I hope you will agree with me that it is simpler now :-)

The next thing I worked on during the last week was dealing with statistics which have no fixed list of choices. Actually I had worked on that some time before, so I had some concepts, but because of instructions usage, I had to make some changes. Here is how it is done now.

Let us say, we want to have Student Proposals Per Organization statistic. Before we start to iterate through student proposals, we have to have a list of all organizations. So, we just iterate through all organization entities (also in batches) and create list of link_ids.

The question is how do we know if a statistic has to have a list of choices dynamically collected and what to collect. The answer is: by instructions of course ;-) The only effort is to add "choices_logic" parameter to the dictionary.

As I said, I will try to provide more information about the rest of parameters soon on the wiki. The most important one is "checker" which allows to filter iterated entities depending on some criteria. For example we can process only those students who have a project assigned.
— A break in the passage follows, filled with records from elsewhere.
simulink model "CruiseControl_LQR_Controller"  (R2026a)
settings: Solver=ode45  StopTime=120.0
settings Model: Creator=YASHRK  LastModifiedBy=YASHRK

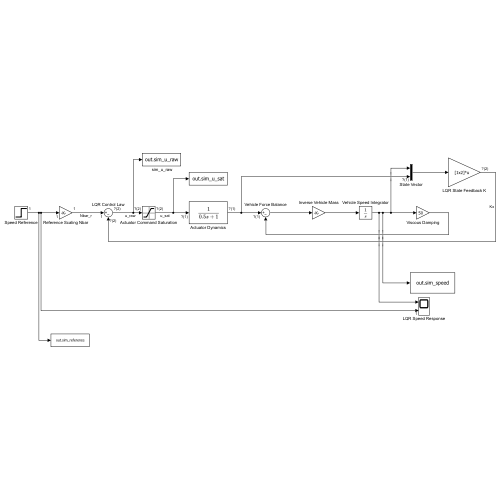
[thumbnail: Simulink's stored preview of the top-level diagram]
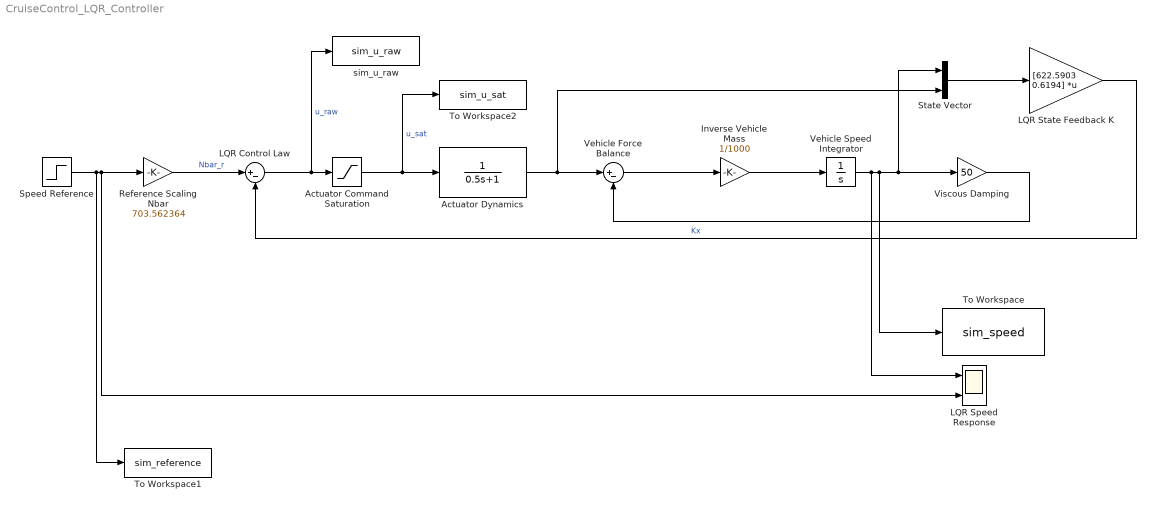
== system CruiseControl_LQR_Controller ==
  " sim_u_raw" : ToWorkspace  VariableName=sim_u_raw  SaveFormat=Timeseries  SampleTime=-1
  Actuator Command Saturation : Saturate  UpperLimit=700  LowerLimit=-700
  Actuator Dynamics : TransferFcn  Denominator=[0.5 1]
  Inverse Vehicle Mass : Gain  Gain=1/1000
  LQR Control Law : Sum  Inputs=|+-
  LQR Speed Response : Scope  NumInputPorts=2
  LQR State Feedback K : Gain  Gain=[622.5903 0.6194]  Multiplication=Matrix(K*u)
  Reference Scaling Nbar : Gain  Gain=703.562364
  Speed Reference : Step  Time=0  SampleTime=0
  State Vector : Mux  Inputs=2
  To Workspace : ToWorkspace  VariableName=sim_speed  SaveFormat=Timeseries  SampleTime=-1
  To Workspace1 : ToWorkspace  VariableName=sim_reference  SaveFormat=Timeseries  SampleTime=-1
  To Workspace2 : ToWorkspace  VariableName=sim_u_sat  SaveFormat=Timeseries  SampleTime=-1
  Vehicle Force Balance : Sum  Inputs=|+-
  Vehicle Speed Integrator : Integrator
  Viscous Damping : Gain  Gain=50
  wires:
  Vehicle Force Balance/1 -> Inverse Vehicle Mass/1
  Inverse Vehicle Mass/1 -> Vehicle Speed Integrator/1
  Vehicle Speed Integrator/1 -> LQR Speed Response/1, To Workspace/1, State Vector/1, Viscous Damping/1
  Viscous Damping/1 -> Vehicle Force Balance/2
  Actuator Dynamics/1 -> State Vector/2, Vehicle Force Balance/1
  State Vector/1 -> LQR State Feedback K/1
  Speed Reference/1 -> To Workspace1/1, Reference Scaling Nbar/1, LQR Speed Response/2
  Reference Scaling Nbar/1 -> LQR Control Law/1  "Nbar_r"
  LQR State Feedback K/1 -> LQR Control Law/2  "Kx"
  LQR Control Law/1 -> Actuator Command Saturation/1, " sim_u_raw"/1  "u_raw"
  Actuator Command Saturation/1 -> To Workspace2/1, Actuator Dynamics/1  "u_sat"

Some time ago Pawel and Sverre had a meeting about final goals for Statistic Module project. They put a list of statistics which they would really want to have. Some of the statistics were already present, but some were not. So, I also worked on them during the last week.
The new available statistics are:
* Mentors With Project Per Country',
* Mentors Without Project Per Country',
* Organizations Per Program
* Student Projects Per Country
* Student Projects Per Continent
* Student Proposals Per Country
* Student Proposals Per Continent
* Students With Project Per Country
* Students Without Project Per Country
* Students Per Graduation Year
* Students With Project Per Graduation Year
* Students Without Project Per Graduation Year
Note: As I mentioned above, one of the instruction parameters is "checker" which allows to collect all those "with/without" statistics.
* Number of Students
* Number of Mentors
* Number of Student Proposals
* Number of Student Projects
* Number of Organization Admins
* Number of Mentors With Projects
* Number of Students With Projects
* Number of Students With Proposals
The last batch of statistics is let us say: "per nothing". I mean, of course we can have it "per program", but do we really want to?
So I put them in one single entity "Gsoc2009 Overall". Its "type" in instructions is "overall" and such a statistic consists of many subsstatitics. They also use instructions, so it is quite easy to add new.

Currently, they only small statistics that are supported have "type" "number", so now I am going to add another kind: "average", because there are still two statistics left on our mentors' wish list:
* Average number of projects per mentor
* Average number of student proposals per student

As I said, I work almost entirely on backend, the only thing I did for the client side was reducing the number of columns to 2 as mentors suggested.

The last thing: Last week I sent a first bunch of patches. Lennie and Sverre, thank you for the reviews. I will take them into account and will try to send new ones by Wednesday.